This Faculty Early Career Development (CAREER) award will reveal how biophysical signals at multiple length scales can be used to engineer personalized heart tissues. These engineered tissues could replace damaged heart muscle in adults. Heart attack causes permanent loss of heart muscle and can lead to heart failure. Current treatments cannot regenerate damaged heart muscle. Induced pluripotent stem cells, which come from a person’s own cells, can become any cell type. As such, these cells offer new hope for personalized engineered heart tissue regeneration. However, heart tissues made from these cells to date lack the functionality of adult tissues. This is because heart muscle cells generated from stem cells are immature in shape, size, and function. There is a critical need to improve heart muscle cell maturity for engineering adult heart tissue. Drawing inspiration from the heart’s multiscale structure, this research will explore how three-dimensional biophysical signals can be used to improve heart muscle cell maturity and how this knowledge can be leveraged to manufacture personalized adult heart tissues. The complementary education program will use this research context to promote equity in engineering education through curriculum innovation. This work will also broaden access to engineering for those who have been historically excluded through scalable K-12 programs.

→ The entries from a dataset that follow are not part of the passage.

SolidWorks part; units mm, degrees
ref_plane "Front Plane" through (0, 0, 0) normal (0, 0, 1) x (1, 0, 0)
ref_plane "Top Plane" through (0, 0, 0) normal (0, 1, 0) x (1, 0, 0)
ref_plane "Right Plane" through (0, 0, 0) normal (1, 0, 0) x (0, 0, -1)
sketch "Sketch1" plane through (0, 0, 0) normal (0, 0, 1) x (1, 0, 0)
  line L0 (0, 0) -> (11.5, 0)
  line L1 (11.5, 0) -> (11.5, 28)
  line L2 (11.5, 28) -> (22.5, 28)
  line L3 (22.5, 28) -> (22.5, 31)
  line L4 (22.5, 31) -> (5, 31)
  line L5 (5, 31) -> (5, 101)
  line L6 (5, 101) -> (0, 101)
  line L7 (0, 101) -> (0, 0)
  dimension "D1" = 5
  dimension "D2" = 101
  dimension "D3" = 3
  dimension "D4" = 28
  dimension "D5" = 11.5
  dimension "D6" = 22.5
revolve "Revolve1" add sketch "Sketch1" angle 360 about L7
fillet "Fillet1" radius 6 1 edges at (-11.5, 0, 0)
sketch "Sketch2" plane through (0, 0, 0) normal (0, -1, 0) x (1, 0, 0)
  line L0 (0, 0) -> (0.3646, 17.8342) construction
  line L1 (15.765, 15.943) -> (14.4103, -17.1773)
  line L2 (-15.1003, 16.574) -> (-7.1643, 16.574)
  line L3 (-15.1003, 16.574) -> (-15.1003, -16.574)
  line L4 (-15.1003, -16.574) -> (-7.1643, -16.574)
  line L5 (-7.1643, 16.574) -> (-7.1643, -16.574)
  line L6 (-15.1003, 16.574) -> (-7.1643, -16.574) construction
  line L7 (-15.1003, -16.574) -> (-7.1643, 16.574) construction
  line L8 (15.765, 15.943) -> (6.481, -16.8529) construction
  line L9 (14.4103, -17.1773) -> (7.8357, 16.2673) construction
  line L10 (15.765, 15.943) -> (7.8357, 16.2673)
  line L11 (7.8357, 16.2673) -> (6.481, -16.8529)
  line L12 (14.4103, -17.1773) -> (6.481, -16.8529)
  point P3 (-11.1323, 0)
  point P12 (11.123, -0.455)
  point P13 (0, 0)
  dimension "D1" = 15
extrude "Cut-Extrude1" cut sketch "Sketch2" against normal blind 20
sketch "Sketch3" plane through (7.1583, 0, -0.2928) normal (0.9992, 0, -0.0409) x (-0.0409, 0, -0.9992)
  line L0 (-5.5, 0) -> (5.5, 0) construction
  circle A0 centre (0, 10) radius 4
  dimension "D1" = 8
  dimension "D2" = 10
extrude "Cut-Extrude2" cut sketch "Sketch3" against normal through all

The goal of this research program is to develop fundamental mechanistic understanding of how multiscale biophysical cues can be used to influence the structural and functional maturity of engineered heart tissues. Using a novel multiscale platform that permits orthogonal control of stiffness, viscoelasticity, and three-dimensional geometric confinement, this research will determine how these microscale and mesoscale cues influence cardiomyocyte maturation defined by cellular ultrastructure, contractile force, and conduction velocity. Through bioinformatic analyses, this work will uncover mechanisms by which these cues have influence individually and collectively. Additionally, this work will determine if biophysically mediated maturation introduced in unit biomanufacturing processes persists in the hierarchical formation of large-scale engineered heart tissues. This inclusively designed research will identify differential effects of biophysical stimuli associated with cell sex in engineering adult heart tissues. The integrated education program will create systems to advance equity in engineering education and broaden participation of historically excluded racial and ethnic groups. This award will present a major step toward transforming mechanobiological insights into biomanufacturing processes enabling the creation of personalized, fully functional engineered tissues and to measurably impact equity, diversity, and inclusion in engineering with new faculty-driven change models.
This award reflects NSF's statutory mission and has been deemed worthy of support through evaluation using the Foundation's intellectual merit and broader impacts review criteria.